INPUT DATA:
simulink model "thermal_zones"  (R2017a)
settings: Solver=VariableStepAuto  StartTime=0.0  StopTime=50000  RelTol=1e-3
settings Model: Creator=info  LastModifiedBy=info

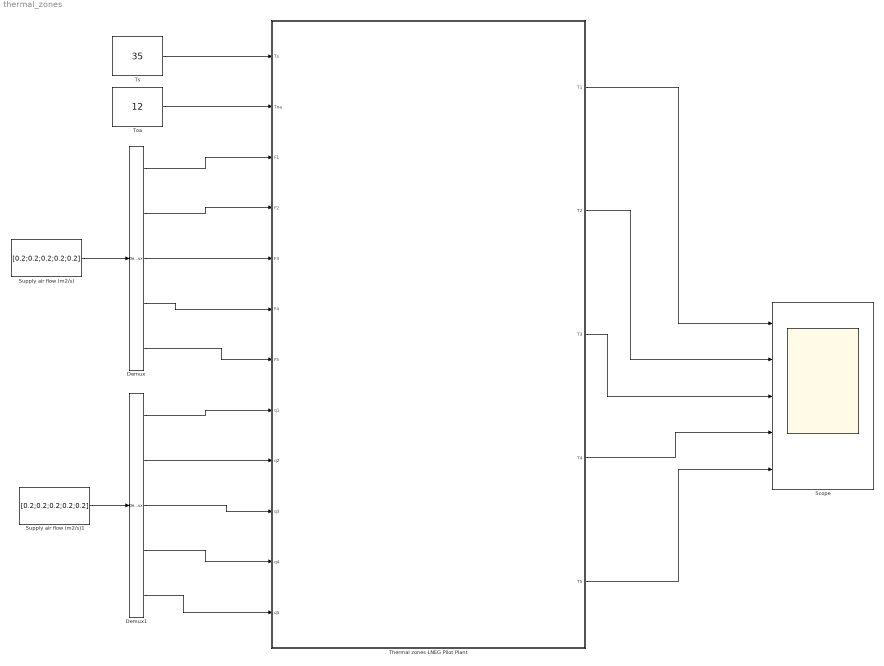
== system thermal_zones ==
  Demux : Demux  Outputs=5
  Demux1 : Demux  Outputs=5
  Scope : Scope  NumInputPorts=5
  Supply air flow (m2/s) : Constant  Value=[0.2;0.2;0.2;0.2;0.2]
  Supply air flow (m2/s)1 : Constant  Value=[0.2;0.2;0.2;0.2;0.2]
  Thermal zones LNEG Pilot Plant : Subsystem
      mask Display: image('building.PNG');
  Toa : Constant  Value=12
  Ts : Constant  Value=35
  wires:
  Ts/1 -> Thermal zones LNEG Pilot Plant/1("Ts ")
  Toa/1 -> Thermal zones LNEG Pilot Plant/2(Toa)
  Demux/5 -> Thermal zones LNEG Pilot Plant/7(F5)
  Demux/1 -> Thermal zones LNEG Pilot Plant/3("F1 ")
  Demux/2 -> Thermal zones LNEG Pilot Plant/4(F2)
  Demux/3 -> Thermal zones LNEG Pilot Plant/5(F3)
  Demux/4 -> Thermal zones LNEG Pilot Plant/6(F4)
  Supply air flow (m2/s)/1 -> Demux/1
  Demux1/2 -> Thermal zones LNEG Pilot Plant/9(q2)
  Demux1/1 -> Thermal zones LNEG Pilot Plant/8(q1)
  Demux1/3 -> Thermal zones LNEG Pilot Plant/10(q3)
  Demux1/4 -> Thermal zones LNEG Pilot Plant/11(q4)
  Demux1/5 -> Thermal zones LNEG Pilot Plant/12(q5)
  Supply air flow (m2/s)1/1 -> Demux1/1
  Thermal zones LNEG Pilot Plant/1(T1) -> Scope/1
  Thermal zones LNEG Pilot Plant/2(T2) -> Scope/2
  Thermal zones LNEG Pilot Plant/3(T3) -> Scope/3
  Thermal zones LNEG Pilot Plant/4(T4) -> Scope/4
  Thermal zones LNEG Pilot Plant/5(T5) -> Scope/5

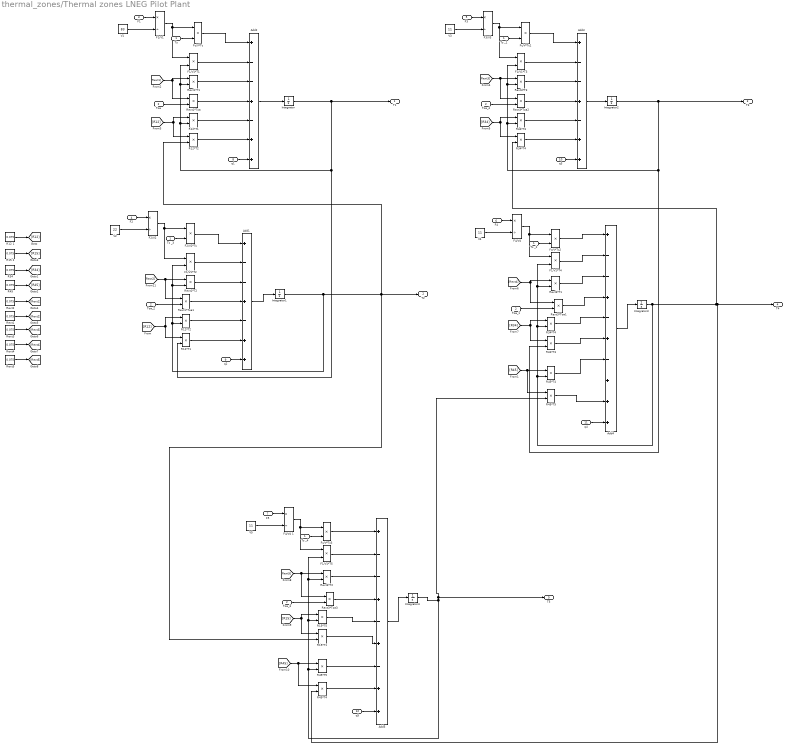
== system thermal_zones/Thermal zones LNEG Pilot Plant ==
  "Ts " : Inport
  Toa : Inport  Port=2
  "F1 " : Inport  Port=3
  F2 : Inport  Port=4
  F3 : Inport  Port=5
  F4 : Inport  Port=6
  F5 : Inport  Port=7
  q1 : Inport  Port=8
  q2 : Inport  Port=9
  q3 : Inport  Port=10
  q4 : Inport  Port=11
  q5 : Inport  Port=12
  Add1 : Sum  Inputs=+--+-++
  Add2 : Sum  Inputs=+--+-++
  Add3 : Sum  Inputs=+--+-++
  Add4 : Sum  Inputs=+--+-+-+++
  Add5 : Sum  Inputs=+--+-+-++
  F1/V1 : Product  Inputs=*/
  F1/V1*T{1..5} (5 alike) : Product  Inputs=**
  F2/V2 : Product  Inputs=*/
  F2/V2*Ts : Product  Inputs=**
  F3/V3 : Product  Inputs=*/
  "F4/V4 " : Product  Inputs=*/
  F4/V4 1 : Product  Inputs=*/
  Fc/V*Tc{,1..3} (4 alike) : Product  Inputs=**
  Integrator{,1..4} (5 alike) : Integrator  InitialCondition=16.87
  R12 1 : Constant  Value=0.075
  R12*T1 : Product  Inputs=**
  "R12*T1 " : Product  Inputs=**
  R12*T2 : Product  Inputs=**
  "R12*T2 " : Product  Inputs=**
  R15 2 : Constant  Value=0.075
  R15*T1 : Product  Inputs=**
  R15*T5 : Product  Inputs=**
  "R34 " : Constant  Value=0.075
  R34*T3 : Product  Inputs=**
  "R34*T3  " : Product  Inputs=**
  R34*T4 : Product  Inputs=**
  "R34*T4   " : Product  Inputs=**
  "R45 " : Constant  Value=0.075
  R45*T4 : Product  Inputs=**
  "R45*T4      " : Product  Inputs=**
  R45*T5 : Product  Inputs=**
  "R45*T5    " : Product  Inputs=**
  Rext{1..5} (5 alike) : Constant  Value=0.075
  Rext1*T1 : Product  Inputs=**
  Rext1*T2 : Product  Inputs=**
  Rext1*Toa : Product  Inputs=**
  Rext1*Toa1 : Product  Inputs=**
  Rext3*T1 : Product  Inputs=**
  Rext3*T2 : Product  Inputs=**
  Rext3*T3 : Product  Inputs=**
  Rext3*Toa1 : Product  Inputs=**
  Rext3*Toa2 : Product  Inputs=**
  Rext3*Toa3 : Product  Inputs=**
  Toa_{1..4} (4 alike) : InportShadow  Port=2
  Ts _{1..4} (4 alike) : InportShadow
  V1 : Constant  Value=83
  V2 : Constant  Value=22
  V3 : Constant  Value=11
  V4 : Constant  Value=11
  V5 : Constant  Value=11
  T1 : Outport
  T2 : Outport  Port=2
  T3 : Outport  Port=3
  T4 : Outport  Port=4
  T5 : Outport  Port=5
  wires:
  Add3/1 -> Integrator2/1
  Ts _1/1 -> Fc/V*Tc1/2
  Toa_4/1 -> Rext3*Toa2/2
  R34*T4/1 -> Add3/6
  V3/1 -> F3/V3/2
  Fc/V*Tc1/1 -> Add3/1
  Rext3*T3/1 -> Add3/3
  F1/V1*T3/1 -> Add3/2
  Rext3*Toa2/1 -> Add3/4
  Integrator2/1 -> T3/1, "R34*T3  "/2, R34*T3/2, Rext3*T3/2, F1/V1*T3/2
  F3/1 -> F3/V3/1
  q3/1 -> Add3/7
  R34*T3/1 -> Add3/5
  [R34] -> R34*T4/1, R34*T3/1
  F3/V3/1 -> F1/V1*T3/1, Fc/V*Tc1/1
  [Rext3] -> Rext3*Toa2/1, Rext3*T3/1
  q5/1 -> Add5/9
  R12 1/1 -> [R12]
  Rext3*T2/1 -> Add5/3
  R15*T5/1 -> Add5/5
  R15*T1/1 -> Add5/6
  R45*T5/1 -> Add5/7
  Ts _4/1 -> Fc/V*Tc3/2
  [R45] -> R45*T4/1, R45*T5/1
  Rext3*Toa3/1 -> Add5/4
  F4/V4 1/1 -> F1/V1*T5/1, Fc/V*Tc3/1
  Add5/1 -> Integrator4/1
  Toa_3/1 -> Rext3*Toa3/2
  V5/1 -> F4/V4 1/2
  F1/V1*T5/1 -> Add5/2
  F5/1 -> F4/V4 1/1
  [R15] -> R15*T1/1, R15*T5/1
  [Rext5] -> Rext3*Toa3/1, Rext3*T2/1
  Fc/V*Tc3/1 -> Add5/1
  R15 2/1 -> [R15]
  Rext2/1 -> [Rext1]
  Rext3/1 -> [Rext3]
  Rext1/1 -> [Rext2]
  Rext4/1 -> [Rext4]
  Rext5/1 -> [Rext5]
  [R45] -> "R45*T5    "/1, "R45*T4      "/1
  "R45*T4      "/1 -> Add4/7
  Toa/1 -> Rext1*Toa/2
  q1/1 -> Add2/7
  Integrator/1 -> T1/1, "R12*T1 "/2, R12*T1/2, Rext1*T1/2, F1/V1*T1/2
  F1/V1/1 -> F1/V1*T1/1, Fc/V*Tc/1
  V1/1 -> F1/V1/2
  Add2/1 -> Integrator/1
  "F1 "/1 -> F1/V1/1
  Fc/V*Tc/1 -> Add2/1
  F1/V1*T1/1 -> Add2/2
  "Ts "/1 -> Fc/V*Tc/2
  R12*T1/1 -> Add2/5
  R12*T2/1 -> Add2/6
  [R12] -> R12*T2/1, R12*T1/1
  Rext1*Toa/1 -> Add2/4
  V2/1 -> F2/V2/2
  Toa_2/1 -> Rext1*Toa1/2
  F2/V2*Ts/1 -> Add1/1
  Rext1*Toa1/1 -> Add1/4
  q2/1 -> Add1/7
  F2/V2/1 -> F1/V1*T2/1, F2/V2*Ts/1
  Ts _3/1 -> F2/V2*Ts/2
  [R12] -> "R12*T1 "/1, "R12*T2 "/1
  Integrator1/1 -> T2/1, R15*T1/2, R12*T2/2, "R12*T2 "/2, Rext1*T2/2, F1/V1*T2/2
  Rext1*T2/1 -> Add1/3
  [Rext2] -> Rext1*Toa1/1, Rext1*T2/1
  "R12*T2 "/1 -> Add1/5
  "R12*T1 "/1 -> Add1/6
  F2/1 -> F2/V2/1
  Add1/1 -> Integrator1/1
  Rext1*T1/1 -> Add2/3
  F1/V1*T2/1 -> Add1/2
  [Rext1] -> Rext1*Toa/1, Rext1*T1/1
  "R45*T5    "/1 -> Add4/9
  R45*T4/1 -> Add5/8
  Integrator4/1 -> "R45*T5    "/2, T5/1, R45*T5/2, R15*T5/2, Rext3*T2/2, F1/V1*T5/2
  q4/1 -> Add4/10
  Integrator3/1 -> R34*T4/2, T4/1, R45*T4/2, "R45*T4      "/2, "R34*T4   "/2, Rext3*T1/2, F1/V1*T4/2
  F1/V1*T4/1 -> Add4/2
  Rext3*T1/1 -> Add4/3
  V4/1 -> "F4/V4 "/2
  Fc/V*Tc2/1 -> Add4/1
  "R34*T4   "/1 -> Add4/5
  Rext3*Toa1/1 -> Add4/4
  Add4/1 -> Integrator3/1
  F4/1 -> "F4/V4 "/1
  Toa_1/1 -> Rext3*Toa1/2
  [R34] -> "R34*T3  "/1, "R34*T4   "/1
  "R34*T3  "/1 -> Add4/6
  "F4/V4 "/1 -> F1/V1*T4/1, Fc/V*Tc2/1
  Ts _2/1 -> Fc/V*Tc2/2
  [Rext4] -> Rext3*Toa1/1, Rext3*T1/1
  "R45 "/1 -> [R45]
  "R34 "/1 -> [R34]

EXERCISE PROMPT:
Search the records for the word "Outputs", then list every line that has it.

ANSWER FOR THE TASK:
  Demux : Demux  Outputs=5
  Demux1 : Demux  Outputs=5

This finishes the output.